╭─ GIVEN DATA

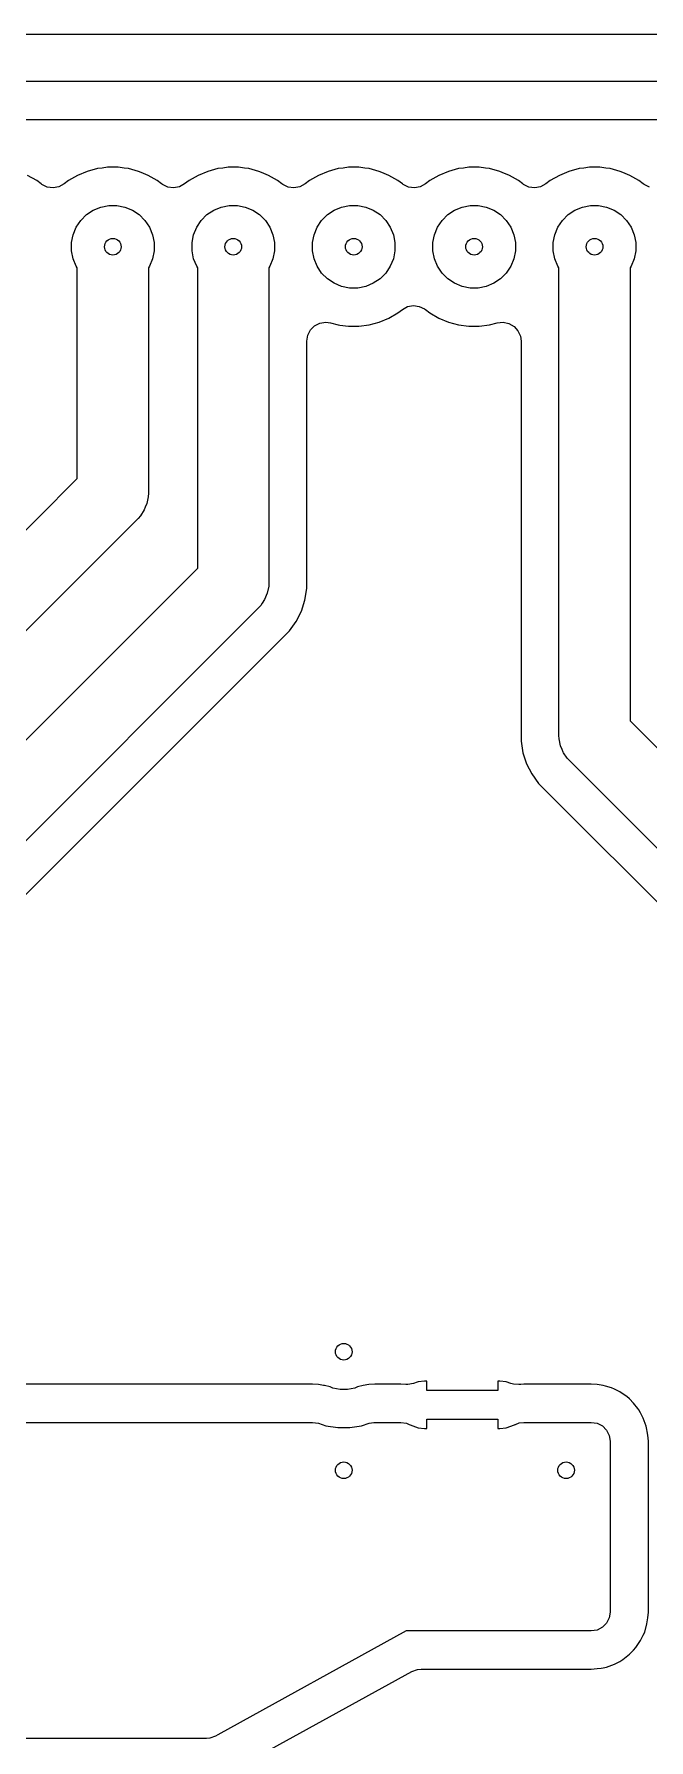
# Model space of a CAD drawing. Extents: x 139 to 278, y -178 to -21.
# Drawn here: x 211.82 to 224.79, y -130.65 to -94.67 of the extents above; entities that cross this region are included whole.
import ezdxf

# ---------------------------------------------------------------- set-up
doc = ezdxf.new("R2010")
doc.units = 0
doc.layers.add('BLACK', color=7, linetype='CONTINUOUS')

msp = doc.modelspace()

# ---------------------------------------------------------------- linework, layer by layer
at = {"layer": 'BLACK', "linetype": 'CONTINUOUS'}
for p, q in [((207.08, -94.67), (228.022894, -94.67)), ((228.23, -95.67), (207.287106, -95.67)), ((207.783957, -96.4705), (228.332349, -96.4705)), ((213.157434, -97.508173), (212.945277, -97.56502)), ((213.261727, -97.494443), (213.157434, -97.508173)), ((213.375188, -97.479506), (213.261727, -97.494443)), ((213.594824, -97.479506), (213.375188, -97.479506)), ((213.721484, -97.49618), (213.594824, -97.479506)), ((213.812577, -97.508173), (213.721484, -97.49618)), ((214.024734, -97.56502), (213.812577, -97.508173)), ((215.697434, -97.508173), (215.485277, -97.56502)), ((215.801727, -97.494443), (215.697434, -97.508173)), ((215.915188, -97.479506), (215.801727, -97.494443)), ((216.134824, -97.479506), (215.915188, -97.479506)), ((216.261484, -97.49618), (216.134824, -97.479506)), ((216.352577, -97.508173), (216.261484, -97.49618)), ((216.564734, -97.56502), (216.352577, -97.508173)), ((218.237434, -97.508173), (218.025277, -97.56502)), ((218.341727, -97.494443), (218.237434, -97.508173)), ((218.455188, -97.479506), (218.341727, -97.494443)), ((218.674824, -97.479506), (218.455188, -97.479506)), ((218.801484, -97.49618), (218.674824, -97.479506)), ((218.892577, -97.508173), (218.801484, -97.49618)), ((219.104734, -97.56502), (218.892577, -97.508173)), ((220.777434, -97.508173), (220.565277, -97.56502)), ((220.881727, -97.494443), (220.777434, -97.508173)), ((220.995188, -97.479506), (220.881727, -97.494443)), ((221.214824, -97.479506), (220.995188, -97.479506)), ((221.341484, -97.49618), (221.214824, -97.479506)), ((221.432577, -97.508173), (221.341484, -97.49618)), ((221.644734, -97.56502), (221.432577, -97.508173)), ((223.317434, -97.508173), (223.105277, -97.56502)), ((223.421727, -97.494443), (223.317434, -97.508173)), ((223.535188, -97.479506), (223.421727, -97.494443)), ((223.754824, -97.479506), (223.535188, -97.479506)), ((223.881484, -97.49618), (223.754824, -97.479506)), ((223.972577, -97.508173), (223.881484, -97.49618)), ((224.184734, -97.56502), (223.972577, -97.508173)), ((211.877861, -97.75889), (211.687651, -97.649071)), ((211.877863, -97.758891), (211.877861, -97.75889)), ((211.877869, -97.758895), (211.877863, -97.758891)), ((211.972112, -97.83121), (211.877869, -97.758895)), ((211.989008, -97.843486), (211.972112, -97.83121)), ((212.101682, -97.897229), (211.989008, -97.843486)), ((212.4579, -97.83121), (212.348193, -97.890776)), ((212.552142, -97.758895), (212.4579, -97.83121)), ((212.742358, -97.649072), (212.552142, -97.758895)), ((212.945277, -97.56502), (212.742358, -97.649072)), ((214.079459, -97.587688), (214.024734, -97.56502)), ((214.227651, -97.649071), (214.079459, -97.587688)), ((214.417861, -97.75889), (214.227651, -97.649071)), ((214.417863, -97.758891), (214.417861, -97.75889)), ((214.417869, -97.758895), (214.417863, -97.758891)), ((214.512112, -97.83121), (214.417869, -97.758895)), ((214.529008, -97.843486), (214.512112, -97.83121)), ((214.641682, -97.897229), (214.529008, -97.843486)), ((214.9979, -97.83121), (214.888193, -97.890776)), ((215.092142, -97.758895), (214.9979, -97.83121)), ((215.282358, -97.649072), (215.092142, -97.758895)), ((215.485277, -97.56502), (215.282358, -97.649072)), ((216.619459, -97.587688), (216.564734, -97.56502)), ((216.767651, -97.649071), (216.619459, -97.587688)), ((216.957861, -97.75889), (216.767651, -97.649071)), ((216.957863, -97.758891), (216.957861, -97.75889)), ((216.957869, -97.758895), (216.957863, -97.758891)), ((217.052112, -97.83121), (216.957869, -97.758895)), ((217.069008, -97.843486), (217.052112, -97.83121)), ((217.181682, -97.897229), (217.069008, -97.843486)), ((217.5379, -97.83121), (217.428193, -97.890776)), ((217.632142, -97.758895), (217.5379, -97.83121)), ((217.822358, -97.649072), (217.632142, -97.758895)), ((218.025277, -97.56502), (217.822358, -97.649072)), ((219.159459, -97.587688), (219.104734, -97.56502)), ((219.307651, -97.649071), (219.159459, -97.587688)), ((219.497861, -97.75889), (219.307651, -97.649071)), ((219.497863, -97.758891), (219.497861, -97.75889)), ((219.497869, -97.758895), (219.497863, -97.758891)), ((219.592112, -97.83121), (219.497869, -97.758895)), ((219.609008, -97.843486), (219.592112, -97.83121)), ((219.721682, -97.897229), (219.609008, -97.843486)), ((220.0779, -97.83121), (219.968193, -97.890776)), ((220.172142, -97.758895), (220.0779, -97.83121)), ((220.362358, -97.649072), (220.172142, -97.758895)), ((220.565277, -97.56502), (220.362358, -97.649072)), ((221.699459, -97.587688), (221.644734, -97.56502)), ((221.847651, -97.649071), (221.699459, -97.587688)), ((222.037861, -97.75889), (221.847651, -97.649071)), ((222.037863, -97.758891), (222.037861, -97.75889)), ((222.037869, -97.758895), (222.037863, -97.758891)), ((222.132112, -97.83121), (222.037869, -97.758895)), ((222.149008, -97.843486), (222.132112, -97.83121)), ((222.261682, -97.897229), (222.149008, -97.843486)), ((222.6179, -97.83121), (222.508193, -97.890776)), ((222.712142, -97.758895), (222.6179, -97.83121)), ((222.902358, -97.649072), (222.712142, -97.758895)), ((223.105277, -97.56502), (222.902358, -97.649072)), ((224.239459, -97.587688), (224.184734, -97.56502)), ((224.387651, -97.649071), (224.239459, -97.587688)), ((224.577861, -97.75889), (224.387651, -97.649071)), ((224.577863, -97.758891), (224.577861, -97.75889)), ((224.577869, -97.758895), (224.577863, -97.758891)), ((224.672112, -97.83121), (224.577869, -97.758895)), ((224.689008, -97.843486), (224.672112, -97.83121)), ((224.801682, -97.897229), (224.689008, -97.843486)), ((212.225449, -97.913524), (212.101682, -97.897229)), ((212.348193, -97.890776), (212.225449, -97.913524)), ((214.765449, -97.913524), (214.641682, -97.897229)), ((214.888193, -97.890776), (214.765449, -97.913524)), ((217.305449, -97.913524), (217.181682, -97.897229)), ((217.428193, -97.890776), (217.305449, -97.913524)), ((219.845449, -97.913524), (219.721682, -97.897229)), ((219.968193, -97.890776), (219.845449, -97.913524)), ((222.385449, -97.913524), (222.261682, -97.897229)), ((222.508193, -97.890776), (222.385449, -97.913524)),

╰─

Scan the material above and copy every line that holds the string "linetype".

-- TASK RESPONSE --
doc.layers.add('BLACK', color=7, linetype='CONTINUOUS')
at = {"layer": 'BLACK', "linetype": 'CONTINUOUS'}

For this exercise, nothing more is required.